- DESCRIPTION OF THE TASK
Given the material below, return only the lines starting at the line with "Designer: Adrián Álvarez" and ending at the line with "arc A1 (7.5, 40.1)", exactly as they appear.
==========
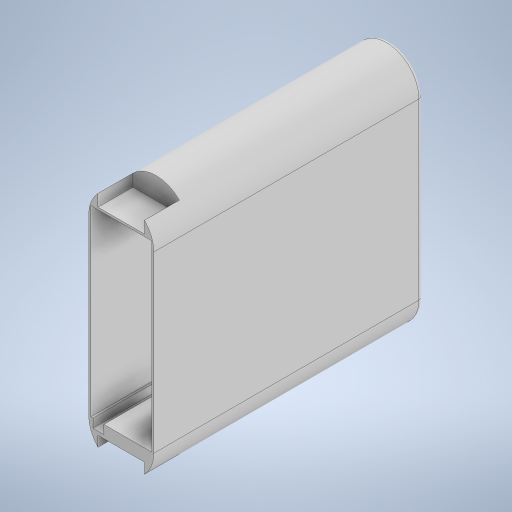
# Autodesk Inventor part: Carcasa Luis
Saved by Autodesk Inventor 2023.4 (Build 274418000, 418)
## iProperties
Created: 2024-01-25
Part Number: Carcasa Luis
Material: Genérico
Document SubType Name: Modeling
Designer: Adrián Álvarez
Density: 1 g/cm^3
Appearance: Valor por defecto
Author: Adrián Álvarez
Autodesk Inventor part; units mm, degrees
ref_plane "YZ Plane" through (0, 0, 0) normal (1, 0, 0) x (0, 1, 0)
ref_plane "XZ Plane" through (0, 0, 0) normal (0, 1, 0) x (-1, 0, 0)
ref_plane "XY Plane" through (0, 0, 0) normal (0, 0, 1) x (1, 0, 0)
sketch "Boceto1" plane through (0, 0, 0) normal (0, 0, 1) x (1, 0, 0)
  line L0 (0, 0) -> (0, 40.1) construction
  line L1 (7.5, 0) -> (7.5, 40.1)
  line L2 (-7.5, 40.1) -> (-7.5, 0)
  arc A0 (-7.5, 0) -> (7.5, 0) centre (0, 0) ccw
  arc A1 (7.5, 40.1) -> (-7.5, 40.1) centre (0, 40.1) ccw
  point P0 (0, 20.05)
  dimension "d0" = 40.1
  dimension "d1" = 15
  constraints: 8 end point, 4 point on circle, 4 tangent, 2 centre point, 1 midpoint, 1 parallel, 1 vertical
  measures "d0" distance of L0.start L0.end
  measures "d1" diameter of A1
extrude "Extrusión1" add sketch "Boceto1" along normal blind 62
sketch "Boceto2" plane through (0, 0, 62) normal (0, 0, 1) x (1, 0, 0)
  line L0 (0, 0) -> (-7, 0)
  line L1 (-7, 0) -> (-7, 40.0875)
  line L2 (-7.5, 40.1) -> (-7.5, 0) projected
  line L3 (7, 0) -> (-7, 0)
  line L4 (-7, 40.0875) -> (-7, 42.1)
  arc A0 (7.5, 40.1) -> (-7.5, 40.1) centre (0, 40.1) ccw projected
  line L5 (-7, 42.1) -> (7, 42.1)
  line L6 (7, 42.1) -> (7, 0)
  dimension "d4" = 7
  dimension "d68" = 7
  dimension "d69" = 14
  constraints: 12 end point, 2 horizontal, 1 parallel, 1 perpendicular, 1 vertical
  measures "d4" distance of L0.start L0.end
  measures "d68" distance of L3.start L0.start
  measures "d69" distance of L4.end L5.end
extrude "Extrusión2" cut sketch "Boceto2" against normal blind 61
sketch "Boceto3" plane through (0, 0, 62) normal (0, 0, 1) x (1, 0, 0)
  line L0 (-5.3571, -2.8499) -> (5.3571, -2.8499)
  line L1 (-6.5, 40.1) -> (6.5, 40.1) projected
  line L2 (-5, 42.6) -> (5, 42.6)
  line L3 (-5.3571, -2.8499) -> (-5.3571, -4.1499)
  line L4 (5.3571, -5.2489) -> (5.3571, -2.8499)
  arc A0 (7.5, 40.1) -> (-7.5, 40.1) centre (0, 40.1) ccw projected
  arc A1 (-5.3571, -5.2489) -> (5.3571, -5.2489) centre (0, 0) ccw
  line L5 (-5.3571, -4.1499) -> (-5.3571, -5.2489)
  arc A2 (-7.5, 0) -> (7.5, 0) centre (0, 0) ccw projected
  arc A3 (5.357, 45.3491) -> (-5.357, 45.3491) centre (0, 40.1) ccw
  line L6 (0, 42.6) -> (-5.357, 42.6)
  line L7 (-5.357, 42.6) -> (-5.357, 45.3491)
  line L8 (0, 42.6) -> (5.357, 42.6)
  line L9 (5.357, 42.6) -> (5.357, 45.3491)
  line L10 (0, -2.8499) -> (-5.357, -2.8499)
  point P0 (5.3571, -4.1499)
  point P1 (5, 43.9)
  dimension "d46" = 1.3
  dimension "d70" = 5.357
  dimension "d71" = 5.357
  dimension "d72" = 5.357
  constraints: 20 end point, 5 point on circle, 4 point on line, 2 centre point, 2 coincident, 2 midpoint, 2 perpendicular, 2 vertical
  measures "d46" distance of L0.start L3.end
  measures "d70" distance of L6.start L6.end
  measures "d71" distance of L6.start L8.end
  measures "d72" distance of L10.start L10.end
extrude "Extrusión3" cut sketch "Boceto3" against normal blind 8
fillet "Empalme1" radius 1 4 edges at (0, 47.6, 0) (-7.5, 20.05, 0) (0, -7.5, 0) (7.5, 20.05, 0)
sketch "Boceto5" plane through (0, 0, 62) normal (0, 0, 1) x (1, 0, 0)
  line L0 (7, 0) -> (-7, 0) projected
  line L1 (7, 0) -> (-3.5, 0)
  line L2 (5, -1) -> (-5, -1) projected
  line L3 (-3.5, -0.9) -> (-2, -0.9) construction
  arc A0 (-6.5, 0) -> (6.5, 0) centre (0, 0) ccw projected
  line L4 (-6.5, 0) -> (-3.5, 0)
  line L5 (-6.5, 0) -> (-6.5, -2)
  line L6 (-6.5, -2) -> (-5, -2)
  line L7 (-5, -2) -> (-4, -2)
  line L8 (-4, -2) -> (-4, 0)
  line L9 (7, 0) -> (-7, 0) projected
  dimension "d49" = 2
  dimension "d51" = 1
  constraints: 14 end point, 2 horizontal, 2 point on line, 1 collinear, 1 parallel, 1 perpendicular, 1 tangent, 1 vertical
  measures "d49" distance of L4.start L5.end
  measures "d51" distance of L6.end L7.end
extrude "Extrusión5" cut sketch "Boceto5" against normal blind 60 contours L6 L5 A0 | A0 L0 L8 L7 L6 picked at (-5.1549, -1.2255)
sketch "Boceto6" plane through (0, 0, 0) normal (0, 0, -1) x (-1, 0, 0)
  line L0 (-7, 0) -> (7, 0) projected
  line L1 (3.5, 0) -> (3.5, 6.5)
  line L2 (6.5, 40.1) -> (-6.5, 40.1) projected
  line L3 (-0.5, 0) -> (3.5, 0)
  line L4 (7, 0) -> (7, 42.1) projected
  line L5 (6.5, 40.1) -> (6.5, 0) projected
  line L6 (4.5, 6.5) -> (4.5, 15.5)
  line L7 (4.5, 15.5) -> (0.5, 15.5)
  line L8 (0.5, 15.5) -> (0.5, 6.5)
  line L9 (-0.5, 0) -> (0.5, 0)
  line L10 (-7, 0) -> (7, 0) projected
  line L11 (0.5, 0) -> (0.5, 6.5)
  line L12 (4.5, 6.5) -> (0.5, 6.5)
  point P0 (0, 0)
  point P1 (7, 42.1)
  dimension "d44" = 9
  dimension "d60" = 1
  constraints: 16 end point, 2 horizontal, 2 perpendicular, 2 point on line, 1 vertical, 1 other
  measures "d44" distance of L6.start L6.end
  measures "d60" distance of L3.start L9.end
extrude "Extrusión6" cut sketch "Boceto6" against normal through all contours L8 L7 L6 L12
sketch "Boceto7" plane through (-7.5, 0, 62) normal (-1, 0, 0) x (0, 0, 1)
  line L0 (-45, 36.8) -> (-45, 38.6)
  line L1 (-45, 38.6) -> (-51, 38.6)
  line L2 (-51, 38.6) -> (-51, 36.8)
  line L3 (-51, 36.8) -> (-45, 36.8)
  point P0 (-62, 0)
  dimension "d74" = 6
  constraints: 8 end point, 2 perpendicular, 1 horizontal
  measures "d74" distance of L0.end L1.end
extrude "Extrusión7" cut sketch "Boceto7" against normal blind 3
sketch "Boceto8" plane through (0, 0, 0) normal (0, 0, -1) x (-1, 0, 0)
  line L0 (0.5, 6.5) -> (0.5, 15.5) projected
  line L1 (4.5, 15.5) -> (4.5, 6.5) projected
  line L2 (0.5, 15.5) -> (4.5, 15.5)
  line L3 (4.5, 15.5) -> (4.5, 6.5)
  line L4 (4.5, 6.5) -> (0.5, 6.5)
  line L5 (0.5, 6.5) -> (0.5, 15.5)
  line L6 (5.5, 16.5) -> (-0.5, 16.5)
  line L7 (-0.5, 16.5) -> (-0.5, 5.5)
  line L8 (-0.5, 5.5) -> (5.5, 5.5)
  line L9 (5.5, 5.5) -> (5.5, 16.5)
  point P0 (0, 0)
  dimension "d61" = 1
  constraints: 16 end point, 4 parallel, 2 perpendicular, 1 horizontal, 3 other
  measures "d61" distance between parallel lines of L2 L6
extrude "Extrusión8" cut sketch "Boceto8" against normal blind 0.5 contours L0 L2 L1 L4 | L9 L8 L7 L6
sketch "Boceto9" plane through (-7.5, 0, 62) normal (-1, 0, 0) x (0, 0, 1)
  point P0 (-62, 0)
==========
- WRITTEN RESPONSE
Designer: Adrián Álvarez
Density: 1 g/cm^3
Appearance: Valor por defecto
Author: Adrián Álvarez
Autodesk Inventor part; units mm, degrees
ref_plane "YZ Plane" through (0, 0, 0) normal (1, 0, 0) x (0, 1, 0)
ref_plane "XZ Plane" through (0, 0, 0) normal (0, 1, 0) x (-1, 0, 0)
ref_plane "XY Plane" through (0, 0, 0) normal (0, 0, 1) x (1, 0, 0)
sketch "Boceto1" plane through (0, 0, 0) normal (0, 0, 1) x (1, 0, 0)
  line L0 (0, 0) -> (0, 40.1) construction
  line L1 (7.5, 0) -> (7.5, 40.1)
  line L2 (-7.5, 40.1) -> (-7.5, 0)
  arc A0 (-7.5, 0) -> (7.5, 0) centre (0, 0) ccw
  arc A1 (7.5, 40.1) -> (-7.5, 40.1) centre (0, 40.1) ccw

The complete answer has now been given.